The paper also offers a brief insight into why it is so hard to stop at just one delicious chip, thanks to sensory design. Ultra-processed foods, they explain, come with intentional flavor bursts that fade quickly and textures that melt in your mouth, all of which deliver more dopamine, encouraging you to say "ok fine, one more."

The constant availability of ultra-processed foods and marketing that frequently "health-washes" them with labels like "low-fat" or "sugar-free" - similar to how cigarettes are marketed as "light" - makes the parallels difficult to overlook.

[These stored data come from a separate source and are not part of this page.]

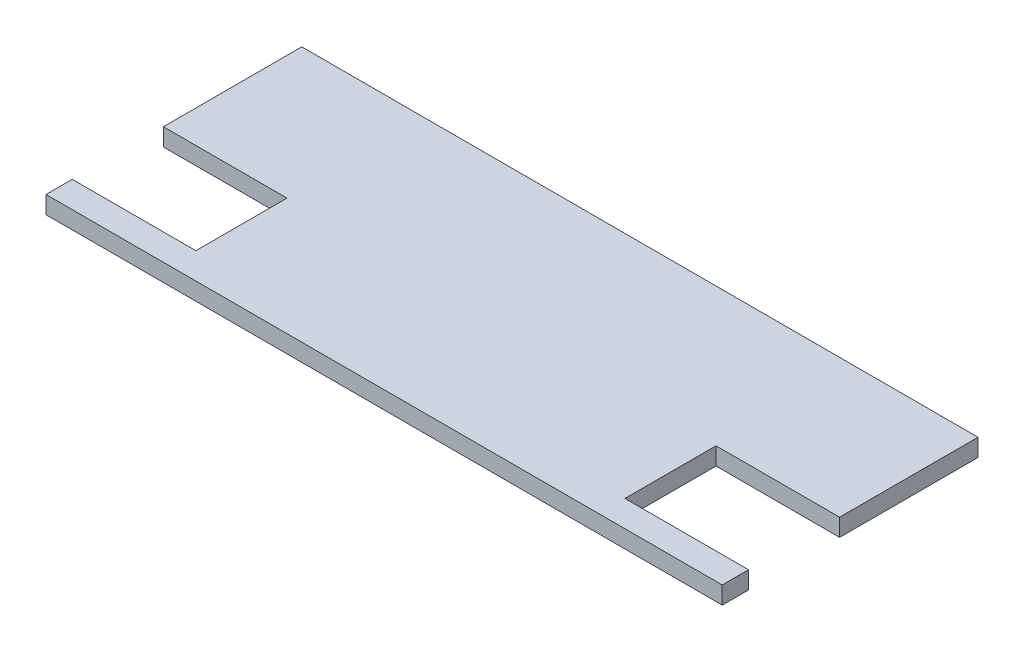
SolidWorks part; units mm, degrees
ref_plane "Alzado" through (0, 0, 0) normal (0, 0, 1) x (1, 0, 0)
ref_plane "Planta" through (0, 0, 0) normal (0, 1, 0) x (1, 0, 0)
ref_plane "Vista lateral" through (0, 0, 0) normal (1, 0, 0) x (0, 0, -1)
sketch "Croquis1" plane through (0, 0, 0) normal (0, 1, 0) x (1, 0, 0)
  line L1 (-96.5, -36.5) -> (96.5, -36.5)
  line L2 (-96.5, -36.5) -> (-96.5, 36.5)
  line L3 (-96.5, 36.5) -> (96.5, 36.5)
  line L4 (96.5, -36.5) -> (96.5, 36.5)
  line L5 (-96.5, -36.5) -> (96.5, 36.5) construction
  line L6 (-96.5, 36.5) -> (96.5, -36.5) construction
  line L7 (-96.5, -29) -> (-61.23, -29)
  line L8 (-96.5, -29) -> (-96.5, -3)
  line L9 (-96.5, -3) -> (-61.23, -3)
  line L10 (-61.23, -29) -> (-61.23, -3)
  line L11 (96.5, -29) -> (61.23, -29)
  line L12 (96.5, -29) -> (96.5, -3)
  line L13 (96.5, -3) -> (61.23, -3)
  line L14 (61.23, -29) -> (61.23, -3)
  point P0 (0, 0)
  dimension "D1" = 193
  dimension "D2" = 73
  dimension "D3" = 7.5
  dimension "D4" = 26
  dimension "D5" = 35.27
  dimension "D6" = 35.27
extrude "Saliente-Extruir1" add sketch "Croquis1" along normal blind 5 contours L11 L14 L13 L4 L3 L2 L9 L10 L7 L1
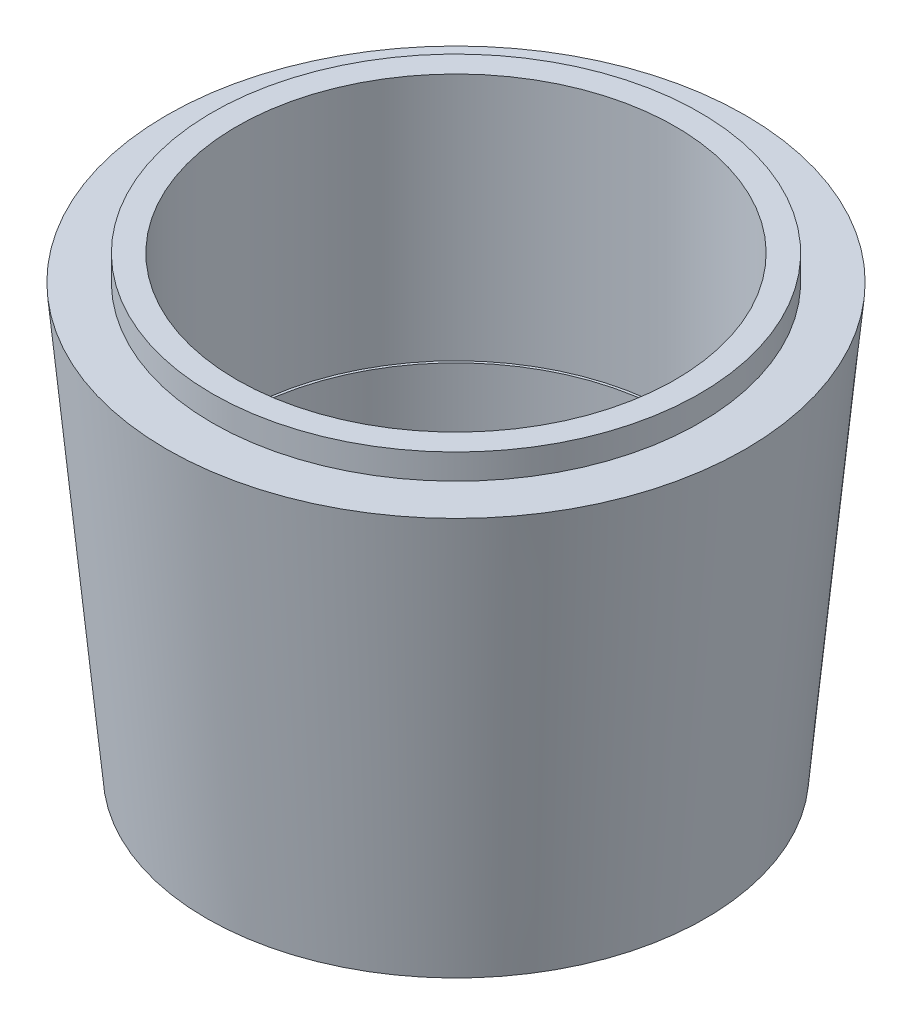
SolidWorks part; units mm, degrees
ref_plane "Front Plane" through (0, 0, 0) normal (0, 0, 1) x (1, 0, 0)
ref_plane "Top Plane" through (0, 0, 0) normal (0, 1, 0) x (1, 0, 0)
ref_plane "Right Plane" through (0, 0, 0) normal (1, 0, 0) x (0, 0, -1)
ref_axis "Axis1" through (0, 5.6415, 0) along (0, -1, 0)
sketch "Sketch1" plane through (0, 0, 0) normal (0, 0, 1) x (1, 0, 0)
  line L0 (20.066, -32.512) -> (22.5446, -42.836)
  line L3 (20.066, -32.512) -> (8.89, 14.0394) construction
  line L7 (22.0472, -22.352) -> (22.0472, 7.62)
  line L8 (22.0472, -22.4282) -> (22.0472, 2.54)
  line L10 (21.7932, -32.512) -> (21.7932, -22.352)
  line L11 (21.7932, -32.512) -> (21.7932, -22.4282)
  line L13 (-21.971, -22.4282) -> (21.971, -22.4282)
  line L14 (21.7932, -22.4282) -> (22.0472, -22.4282)
  line L15 (22.0472, 2.54) -> (24.4983, 2.54)
  line L16 (24.4983, 2.54) -> (24.4983, 0)
  line L17 (24.4983, 0) -> (29.083, 0)
  line L18 (24.5745, 0) -> (24.5745, 6.223) construction
  line L19 (-27.1145, 0) -> (27.1145, 0) construction
  line L20 (20.066, -32.512) -> (21.7932, -32.512)
  line L21 (29.083, 0) -> (25.0846, -42.836)
  line L22 (25.0846, -42.836) -> (22.5446, -42.836)
  dimension "D1" = 2.54
  dimension "D2" = 0.0762
  dimension "D5" = 0.0762
  dimension "D6" = 2.54
  dimension "D3" = 0.0762
  dimension "D4" = 0.0762
revolve "Revolve1" add sketch "Sketch1" angle 360 about axis through (0, 5.6415, 0) along (0, -1, 0)

Understanding the spectrum of ultra-processed foods

The researchers note that not all ultra-processed foods are created equal, with risks varying by ingredients and degree of processing. They add that "minimally processed" foods carry a lower risk. As Food & Wine previously explained, the term "minimally processed" includes the "removal of inedible or unwanted parts, cutting, drying, crushing, grinding, fractioning, roasting, boiling, pasteurisation, refrigeration, freezing, placing in containers, vacuum packaging, and non-alcoholic fermentation." The team likened this category to "nicotine replacement therapies, such as transdermal patches, often contain more nicotine than a single cigarette but have minimal addictive potential."

At the end of their paper, the researchers acknowledge that food and tobacco are not identical, noting that food is essential for life. However, they argue that certain ultra-processed products function less like traditional foods and more like highly optimized consumables, and recommend that public health policy reflect that reality.

What regulating ultra-processed foods could involve

"Tobacco provides a warning, and tobacco control provides a source of hope. It is easy to forget how deeply cigarettes were once woven into American life, marketed as symbols of modernity, embedded in social rituals, and celebrated as an economic boon," they wrote. But thanks to regulation, smoking rates have plummeted in the U.S. and have "reshaped cultural views of tobacco and eroded trust in the industry."

But, unlike tobacco, the researchers noted, we already have the answer. "Minimally and traditionally processed foods that have sustained human health for millennia. Legal action against health damages and misleading health claims, restrictions on UPF advertising, taxation of nutrient-poor UPFs, markedly reducing UPFs in schools and hospitals, and clearer labeling of ultraprocessing could all serve as next steps," they wrote. They also stated that asking companies to change simply will not be enough. "Policies that confront UPFs with the same seriousness that once applied to tobacco, while actively promoting real food, offer the most promising path out of the current crisis."